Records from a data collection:
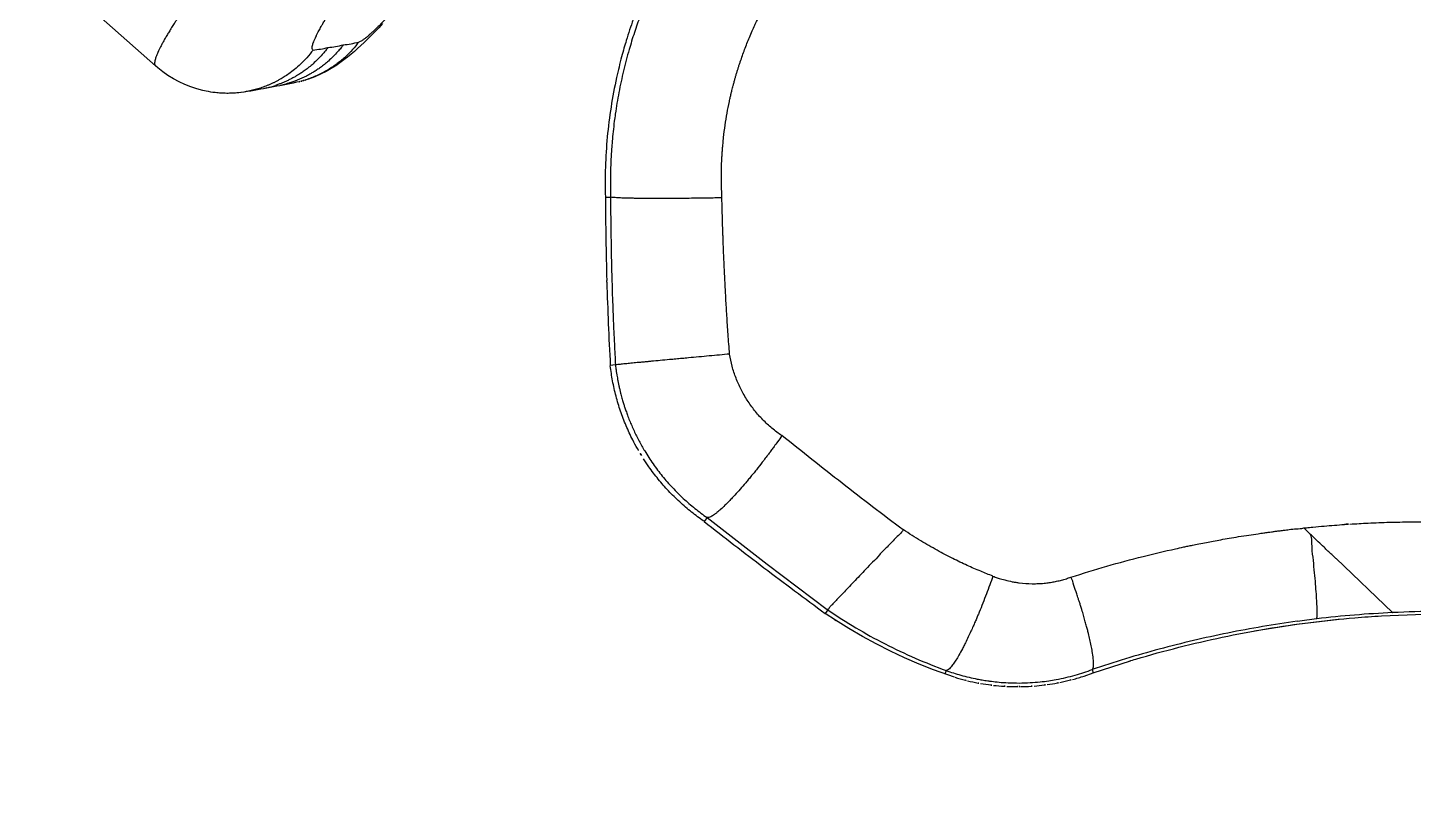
# Model space of a CAD drawing. Header units: millimetres. Extents: x 1145859089 to 1147511753, y -1047484727 to -1047247487.
# Drawn here: x 1146331046 to 1146331303.7, y -1047437019.3 to -1047436878 of the extents above; entities that cross this region are included whole.
import ezdxf
from ezdxf.xclip import XClip

# ---------------------------------------------------------------- set-up
doc = ezdxf.new("R2010")
doc.units = ezdxf.units.MM
doc.header["$LTSCALE"] = 100
doc.header["$MEASUREMENT"] = 0
doc.header["$XCLIPFRAME"] = 2
doc.linetypes.add('CENTERX2', pattern=[4, 2.5, -0.5, 0.5, -0.5])
doc.layers.get('0').update_dxf_attribs({"linetype": 'CONTINUOUS'})
for name, color, linetype in [('L-지중매입', 3, 'CENTERX2'), ('XREF', 135, 'CONTINUOUS'), ('단지배치도$0$W240910', 135, 'CONTINUOUS')]:
    doc.layers.add(name, color=color, linetype=linetype)

# ---------------------------------------------------------------- blocks, each defined once
blk = doc.blocks.new('단지배치도$0$zw$9902')
at = {"layer": '단지배치도$0$W240910', "linetype": 'ByBlock', "ltscale": 20}
for p, q in [((62396.15, -65515.78), (62379.25, -65500.76)), ((62437.66, -65508.67), (62436.95, -65509.41)), ((62438.39, -65507.89), (62437.66, -65508.67)), ((62435.61, -65510.77), (62434.98, -65511.39)), ((62436.26, -65510.11), (62435.61, -65510.77)), ((62436.95, -65509.41), (62436.26, -65510.11)), ((62432.52, -65513.62), (62431.87, -65514.15)), ((62433.14, -65513.08), (62432.52, -65513.62)), ((62433.74, -65512.54), (62433.14, -65513.08)), ((62434.35, -65511.98), (62433.74, -65512.54)), ((62434.98, -65511.39), (62434.35, -65511.98)), ((62396.58, -65516.16), (62396.14, -65515.78)), ((62396.15, -65515.78), (62396.15, -65515.78)), ((62397.51, -65516.89), (62396.58, -65516.16)), ((62428.81, -65516.27), (62427.87, -65516.8)), ((62429.67, -65515.74), (62428.81, -65516.27)), ((62430.46, -65515.2), (62429.67, -65515.74)), ((62431.19, -65514.67), (62430.46, -65515.2)), ((62431.87, -65514.15), (62431.19, -65514.67)), ((62398.48, -65517.57), (62397.51, -65516.89)), ((62399.49, -65518.19), (62398.48, -65517.57)), ((62400.53, -65518.75), (62399.49, -65518.19)), ((62401.6, -65519.24), (62400.53, -65518.75)), ((62421.76, -65518.98), (62421.12, -65519.12)), ((62422.4, -65518.83), (62421.76, -65518.98)), ((62422.89, -65518.71), (62422.4, -65518.83)), ((62424.6, -65518.21), (62423.33, -65518.6)), ((62425.78, -65517.78), (62424.6, -65518.21)), ((62426.87, -65517.3), (62425.78, -65517.78)), ((62427.87, -65516.8), (62426.87, -65517.3)), ((62402.7, -65519.68), (62401.6, -65519.24)), ((62403.83, -65520.05), (62402.7, -65519.68)), ((62404.97, -65520.35), (62403.83, -65520.05)), ((62405.59, -65520.49), (62404.97, -65520.35)), ((62412.05, -65520.72), (62411.64, -65520.76)), ((62412.64, -65520.64), (62412.05, -65520.72)), ((62413.25, -65520.55), (62412.64, -65520.64)), ((62413.86, -65520.46), (62413.25, -65520.55)), ((62414.48, -65520.35), (62413.86, -65520.46)), ((62415.11, -65520.23), (62414.48, -65520.35)), ((62415.75, -65520.1), (62415.11, -65520.23)), ((62416.23, -65520.03), (62415.75, -65520.1)), ((62416.84, -65519.92), (62416.23, -65520.03)), ((62416.87, -65519.85), (62416.4, -65519.96)), ((62417.47, -65519.81), (62416.84, -65519.92)), ((62418.1, -65519.69), (62417.47, -65519.81)), ((62418.74, -65519.55), (62418.1, -65519.69)), ((62419.26, -65519.46), (62418.74, -65519.55)), ((62419.87, -65519.36), (62419.26, -65519.46)), ((62419.87, -65519.29), (62419.39, -65519.4)), ((62420.49, -65519.24), (62419.87, -65519.36)), ((62421.12, -65519.12), (62420.49, -65519.24)), ((62479.81, -65540.18), (62480.78, -65540.17)), ((62480.07, -65555.85), (62480.06, -65555.7)), ((62480.07, -65556), (62480.07, -65555.85)), ((62481.68, -65571.41), (62480.72, -65571.5)), ((62498.72, -65599.79), (62498.18, -65600.53)), ((62498.72, -65599.79), (62509.89, -65608.5)), ((62498.72, -65599.79), (62498.73, -65599.79)), ((62535.24, -65602.08), (62535.21, -65602.11)), ((62609.66, -65601.74), (62609.69, -65601.74)), ((62610.95, -65602.94), (62609.69, -65601.74)), ((62509.89, -65608.5), (62521.08, -65616.93)), ((62614.89, -65606.69), (62615.66, -65607.42)), ((62626.2, -65617.48), (62615.67, -65607.43)), ((62521.17, -65616.99), (62520.7, -65617.65)), ((62522.61, -65618.9), (62520.7, -65617.65)), ((62521.08, -65616.93), (62521.1, -65616.91)), ((62521.12, -65616.94), (62521.09, -65616.92)), ((62521.13, -65616.96), (62521.12, -65616.94)), ((62521.15, -65616.97), (62521.13, -65616.96)), ((62521.16, -65616.98), (62521.15, -65616.97)), ((62521.16, -65616.99), (62521.16, -65616.98)), ((62521.17, -65616.99), (62521.16, -65616.99)), ((62525.09, -65620.45), (62522.61, -65618.9)), ((62549.28, -65617.5), (62549.28, -65617.51)), ((62608.37, -65619.64), (62616.25, -65618.71)), ((62624.15, -65618.09), (62632.08, -65617.79)), ((62626.2, -65617.48), (62626.21, -65617.48)), ((62527.62, -65621.92), (62525.09, -65620.45)), ((62530.19, -65623.32), (62527.62, -65621.92)), ((62600.54, -65620.88), (62608.37, -65619.64)), ((62532.8, -65624.64), (62530.19, -65623.32)), ((62535.44, -65625.88), (62532.8, -65624.64)), ((62538.13, -65627.05), (62535.44, -65625.88)), ((62540.84, -65628.14), (62538.13, -65627.05)), ((62570.54, -65628.69), (62577.44, -65626.45)), ((62544.76, -65629.52), (62540.84, -65628.14)), ((62543.17, -65628.24), (62542.93, -65628.91)), ((62568.84, -65629.28), (62570.54, -65628.69)), ((62570.32, -65628.08), (62570.32, -65628.08)), ((62570.32, -65628.08), (62570.54, -65628.69))]:
    blk.add_line(p, q, dxfattribs=at)
at = {"layer": '단지배치도$0$W240910'}
for radius in [11431.38, 11931.38]:
    blk.add_arc((57394.29, -57699.4), radius, 251.62775, 321.418131, dxfattribs=at)
at = {"layer": '단지배치도$0$W240910', "linetype": 'ByBlock', "ltscale": 20}
for centre, radius, start, end in [((62569.71, -65537.23), 89.91, 163.0571, 164.0213), ((62423.08, -65490.26), 22.69, 276.041, 283.0926), ((62425.66, -65489.25), 23.25, 276.3171, 283.463), ((62428.23, -65488.07), 23.96, 276.8061, 283.7855), ((62570.97, -65537.59), 91.22, 164.0214, 165.0566), ((62396.57, -65515.29), 0.627, 227.6394, 229.6086), ((62418.23, -65499.91), 19.37, 283.9058, 284.8527), ((62418.34, -65500.3), 18.96, 284.8513, 286.1881), ((62418.46, -65500.71), 18.54, 286.1889, 287.3195), ((62418.57, -65501.08), 18.15, 287.3193, 288.5189), ((62412.34, -65500.74), 19.64, 283.3436, 288.2741), ((63088.88, -65538.21), 609.06, 180.18551, 181.6452), ((63088.88, -65538.21), 609.06, 181.67343, 183.13284), ((62518.3, -65567.22), 37.82, 186.4843, 186.6087), ((62521.31, -65566.85), 40.85, 209.5068, 211.0214), ((62521.36, -65566.82), 40.9, 211.0218, 212.6519), ((62519.45, -65569.5), 37.62, 235.4313, 235.5693), ((63056.66, -64889.14), 904.42, 231.86624, 232.75663), ((63056.66, -64889.14), 904.42, 232.75667, 233.65852), ((62575.92, -65535.97), 98.59, 235.9427, 236.1432), ((62577.03, -65534.84), 99.34, 235.7836, 242.922), ((62576.29, -65535.39), 99.28, 237.1977, 237.4829), ((62635.8, -65820.29), 203.03, 96.7106, 97.7352), ((62635.51, -65817.88), 200.61, 92.6566, 96.7086), ((62635.9, -65821.94), 204.69, 90.4065, 92.7158), ((62577.01, -65534.96), 99.23, 242.9018, 250.0614), ((62556.49, -65590.91), 40.35, 253.1026, 256.0561), ((62556.41, -65591.07), 40.19, 284.8255, 288.0269), ((62556.54, -65590.69), 40.58, 256.0534, 256.6146), ((62556.48, -65590.98), 40.28, 256.6117, 259.4773), ((62556.41, -65591.3), 39.96, 259.4802, 260.1305), ((62556.41, -65591.35), 39.9, 260.1308, 262.9566), ((62556.42, -65591.24), 40.02, 262.9548, 263.6498), ((62556.43, -65591.18), 40.08, 263.6503, 266.4481), ((62556.43, -65591.15), 40.1, 266.4479, 267.2055), ((62556.43, -65591.19), 40.06, 267.205, 269.9922), ((62556.43, -65591.28), 39.98, 269.9929, 270.4661), ((62556.43, -65591.23), 40.02, 270.4661, 270.8668), ((62556.42, -65591.17), 40.09, 270.8674, 273.6274), ((62556.42, -65591.15), 40.11, 273.6271, 274.4229), ((62556.43, -65591.19), 40.07, 274.4225, 277.246), ((62556.43, -65591.24), 40.01, 277.2465, 277.9236), ((62556.45, -65591.36), 39.9, 277.9218, 280.7633), ((62556.44, -65591.31), 39.95, 280.7635, 281.4026), ((62556.37, -65590.98), 40.28, 281.4057, 284.2789), ((62556.3, -65590.68), 40.59, 284.2759, 284.8318)]:
    blk.add_arc(centre, radius, start, end, dxfattribs=at)
for points, knots in [([(62495.01, -65487.15), (62493.97, -65488.7), (62491.99, -65491.88), (62489.33, -65496.81), (62486.97, -65501.9), (62485.11, -65506.65), (62484.1, -65509.73), (62483.7, -65511.03)], [0, 0, 0, 0, 5.604425, 11.208847, 16.813268, 22.417692, 26.509652, 26.509652, 26.509652, 26.509652]), ([(62493.68, -65491.12), (62493.62, -65491.23), (62493.48, -65491.46), (62493.2, -65491.93), (62492.9, -65492.44), (62492.6, -65492.96), (62492.36, -65493.38), (62492.14, -65493.78), (62491.88, -65494.24), (62491.62, -65494.71), (62491.35, -65495.21), (62491.07, -65495.73), (62490.83, -65496.21), (62490.59, -65496.67), (62490.38, -65497.07), (62490.07, -65497.69), (62489.7, -65498.44), (62489.3, -65499.29), (62488.95, -65500.04), (62488.65, -65500.71), (62488.42, -65501.23), (62488.23, -65501.65), (62488.08, -65502), (62487.93, -65502.35), (62487.78, -65502.7), (62487.63, -65503.05), (62487.49, -65503.4), (62487.02, -65504.54), (62486.23, -65506.58), (62485.18, -65509.58), (62484.53, -65511.69), (62484.23, -65512.75)], [0, 0, 0, 0, 0.364712, 0.816026, 1.647545, 2.136878, 2.616944, 3.07875, 3.515096, 4.197461, 4.704629, 5.225353, 5.952016, 6.317413, 6.772418, 7.31695, 8.384317, 9.28608, 10.155054, 10.858087, 11.4787, 11.864184, 12.245075, 12.625956, 13.006823, 13.387674, 13.768505, 14.149315, 17.056546, 20.361245, 23.674338, 23.674338, 23.674338, 23.674338]), ([(62445.32, -65499.89), (62444.99, -65500.28), (62444.55, -65500.79), (62444.02, -65501.41), (62443.71, -65501.77), (62443.37, -65502.16), (62442.96, -65502.63), (62442.47, -65503.18), (62441.99, -65503.73), (62441.53, -65504.24), (62441.15, -65504.67), (62440.8, -65505.05), (62440.5, -65505.38), (62440.14, -65505.77), (62439.78, -65506.16), (62439.41, -65506.56), (62439.11, -65506.87), (62438.82, -65507.18), (62438.54, -65507.47), (62438.12, -65507.9), (62437.59, -65508.44), (62436.99, -65509.03), (62436.53, -65509.46), (62436.2, -65509.77), (62435.88, -65510.05), (62435.56, -65510.33), (62435.19, -65510.62), (62434.86, -65510.87), (62434.44, -65511.15), (62434.14, -65511.29), (62433.94, -65511.34)], [0, 0, 0, 0, 1.517675, 2.038852, 2.441445, 2.959771, 3.588533, 4.320677, 5.147241, 5.794318, 6.370235, 6.878711, 7.323233, 7.706986, 8.481811, 8.920546, 9.348917, 9.76681, 10.174088, 10.570583, 11.574554, 12.46404, 13.08503, 13.450095, 13.836246, 14.345516, 14.728269, 15.243923, 15.608358, 16.226218, 16.226218, 16.226218, 16.226218]), ([(62403.14, -65502.6), (62403.05, -65502.77), (62402.77, -65503.12), (62402.35, -65503.76), (62401.8, -65504.57), (62401.29, -65505.33), (62400.85, -65505.99), (62400.43, -65506.64), (62399.99, -65507.33), (62399.49, -65508.11), (62399.03, -65508.84), (62398.58, -65509.58), (62398.16, -65510.29), (62397.77, -65510.96), (62397.44, -65511.6), (62397.2, -65512), (62397.11, -65512.2)], [0, 0, 0, 0, 0.5631, 1.341968, 2.32173, 3.48176, 4.10597, 4.693085, 5.805903, 6.554317, 7.483776, 8.361123, 9.185869, 9.957937, 10.677446, 11.344491, 11.344491, 11.344491, 11.344491]), ([(62425.46, -65512.82), (62425.26, -65512.72), (62425.28, -65512.09), (62425.47, -65511.56), (62425.68, -65511.01), (62425.88, -65510.58), (62426.09, -65510.13), (62426.3, -65509.7), (62426.53, -65509.26), (62426.76, -65508.84), (62426.99, -65508.41), (62427.23, -65508), (62427.46, -65507.6), (62427.67, -65507.23), (62427.9, -65506.85), (62428.13, -65506.46), (62428.36, -65506.08), (62428.58, -65505.72), (62428.86, -65505.28), (62429.06, -65504.96), (62429.19, -65504.74)], [0, 0, 0, 0, 0.685394, 1.381827, 1.856629, 2.42532, 2.802823, 3.362447, 3.856584, 4.286603, 4.783221, 5.319702, 5.730847, 6.157956, 6.600644, 7.058432, 7.525143, 7.94474, 8.313067, 9.080237, 9.080237, 9.080237, 9.080237]), ([(62501.47, -65540.32), (62501.43, -65538.81), (62501.36, -65537.15), (62501.39, -65535.31), (62501.4, -65534.78), (62501.42, -65534.19), (62501.45, -65533.48), (62501.49, -65532.74), (62501.53, -65532.08), (62501.57, -65531.57), (62501.6, -65531.15), (62501.64, -65530.7), (62501.7, -65530), (62501.83, -65528.69), (62502.17, -65526.08), (62502.61, -65523.59), (62503.04, -65521.64), (62503.19, -65520.96), (62503.33, -65520.38), (62503.46, -65519.88), (62503.59, -65519.38), (62503.71, -65518.93), (62503.85, -65518.42), (62503.99, -65517.91), (62504.16, -65517.32), (62504.34, -65516.74), (62504.52, -65516.16), (62504.7, -65515.58), (62504.96, -65514.81), (62505.29, -65513.86), (62505.7, -65512.73), (62506.14, -65511.6), (62506.61, -65510.45), (62507.08, -65509.34), (62507.63, -65508.16), (62507.99, -65507.29), (62509.22, -65505.14), (62508.88, -65505.61)], [0, 0, 0, 0, 4.518138, 4.98761, 5.519291, 6.113066, 6.768875, 7.649409, 8.317802, 8.774307, 9.159361, 9.580814, 10.143028, 11.268688, 13.525753, 18.051297, 18.832091, 19.524161, 20.127712, 20.643007, 21.07032, 21.66195, 22.040052, 22.651282, 23.261655, 23.871211, 24.480004, 25.088098, 25.695569, 26.903457, 28.109964, 29.315847, 30.522095, 31.839608, 33.002428, 34.150196, 35.90749, 35.90749, 35.90749, 35.90749]), ([(62397.11, -65512.2), (62396.9, -65512.53), (62396.64, -65513.19), (62396.26, -65514.06), (62396.05, -65514.72), (62395.98, -65515.21), (62395.97, -65515.55), (62396.1, -65515.71), (62396.15, -65515.75)], [0, 0, 0, 0, 1.162893, 2.116539, 2.856664, 3.223077, 3.614803, 3.80904, 3.80904, 3.80904, 3.80904]), ([(62425.46, -65512.82), (62425.1, -65513.31), (62424.35, -65514.23), (62423.18, -65515.42), (62422.06, -65516.41), (62421.03, -65517.19), (62420.13, -65517.79), (62419.42, -65518.21), (62418.86, -65518.53), (62418.38, -65518.78), (62417.89, -65519.01), (62417.4, -65519.23), (62416.91, -65519.44), (62416.42, -65519.63), (62415.93, -65519.81), (62414.96, -65520.13), (62413.53, -65520.49), (62412.25, -65520.7), (62411.64, -65520.76)], [0, 0, 0, 0, 1.839069, 3.521801, 5.022402, 6.320273, 7.400269, 8.251887, 8.796935, 9.339019, 9.877871, 10.413238, 10.944882, 11.47258, 11.99612, 12.515308, 14.544217, 16.3939, 16.3939, 16.3939, 16.3939]), ([(62428.21, -65512.36), (62428.07, -65512.56), (62427.72, -65513), (62427.13, -65513.72), (62426.36, -65514.54), (62425.54, -65515.32), (62424.72, -65516.01), (62424.01, -65516.55), (62423.33, -65517.03), (62422.71, -65517.43), (62422.12, -65517.78), (62421.54, -65518.1), (62420.96, -65518.39), (62420.37, -65518.66), (62419.79, -65518.91), (62419.22, -65519.14), (62418.79, -65519.29), (62418.55, -65519.37), (62418.5, -65519.39)], [0, 0, 0, 0, 0.748358, 1.676877, 2.794653, 4.111155, 5.086208, 5.987602, 6.811189, 7.553605, 8.212182, 8.877207, 9.531608, 10.174822, 10.806342, 11.425713, 12.032525, 12.180674, 12.180674, 12.180674, 12.180674]), ([(62431.07, -65511.86), (62430.92, -65512.06), (62430.58, -65512.5), (62429.98, -65513.21), (62429.22, -65514.03), (62428.39, -65514.81), (62427.58, -65515.5), (62426.87, -65516.04), (62426.19, -65516.51), (62425.57, -65516.91), (62424.97, -65517.26), (62424.4, -65517.58), (62423.81, -65517.88), (62423.23, -65518.15), (62422.65, -65518.39), (62422.14, -65518.59), (62421.81, -65518.71), (62421.69, -65518.75)], [0, 0, 0, 0, 0.7459, 1.672649, 2.789358, 4.105524, 5.076075, 5.974578, 6.796971, 7.539952, 8.200892, 8.865157, 9.518786, 10.161219, 10.791951, 11.410526, 11.815962, 11.815962, 11.815962, 11.815962]), ([(62433.94, -65511.34), (62433.58, -65511.82), (62432.8, -65512.77), (62431.47, -65514.12), (62429.95, -65515.38), (62428.25, -65516.53), (62426.37, -65517.53), (62425.03, -65518.06), (62424.34, -65518.29)], [0, 0, 0, 0, 1.800659, 3.689631, 5.662945, 7.715642, 9.841463, 12.032314, 12.032314, 12.032314, 12.032314]), ([(62484.23, -65512.75), (62483.85, -65514.06), (62483.16, -65516.7), (62482.3, -65520.69), (62481.78, -65523.83), (62481.44, -65526.27), (62481.25, -65527.95), (62481.08, -65529.67), (62480.97, -65531.11), (62480.91, -65532.09), (62480.87, -65532.82), (62480.84, -65533.36), (62480.81, -65534), (62480.79, -65534.67), (62480.77, -65535.42), (62480.75, -65536.18), (62480.75, -65536.93), (62480.74, -65537.71), (62480.75, -65538.58), (62480.76, -65539.42), (62480.77, -65539.95), (62480.78, -65540.17)], [0, 0, 0, 0, 4.079477, 8.173509, 12.258182, 13.624922, 15.556668, 17.341206, 18.787337, 19.89692, 20.299669, 20.957982, 21.543963, 22.208089, 22.963843, 23.808245, 24.467429, 25.2359, 26.153896, 27.076101, 27.737024, 27.737024, 27.737024, 27.737024]), ([(62482.84, -65514.07), (62482.5, -65515.34), (62481.74, -65518.44), (62480.81, -65523.41), (62480.11, -65528.98), (62479.76, -65534.58), (62479.76, -65538.31), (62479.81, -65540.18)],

What you should do =>
Your answer should be every line above that contains the word "CONTINUOUS".

Solution to the exercise =>
doc.layers.get('0').update_dxf_attribs({"linetype": 'CONTINUOUS'})
for name, color, linetype in [('L-지중매입', 3, 'CENTERX2'), ('XREF', 135, 'CONTINUOUS'), ('단지배치도$0$W240910', 135, 'CONTINUOUS')]:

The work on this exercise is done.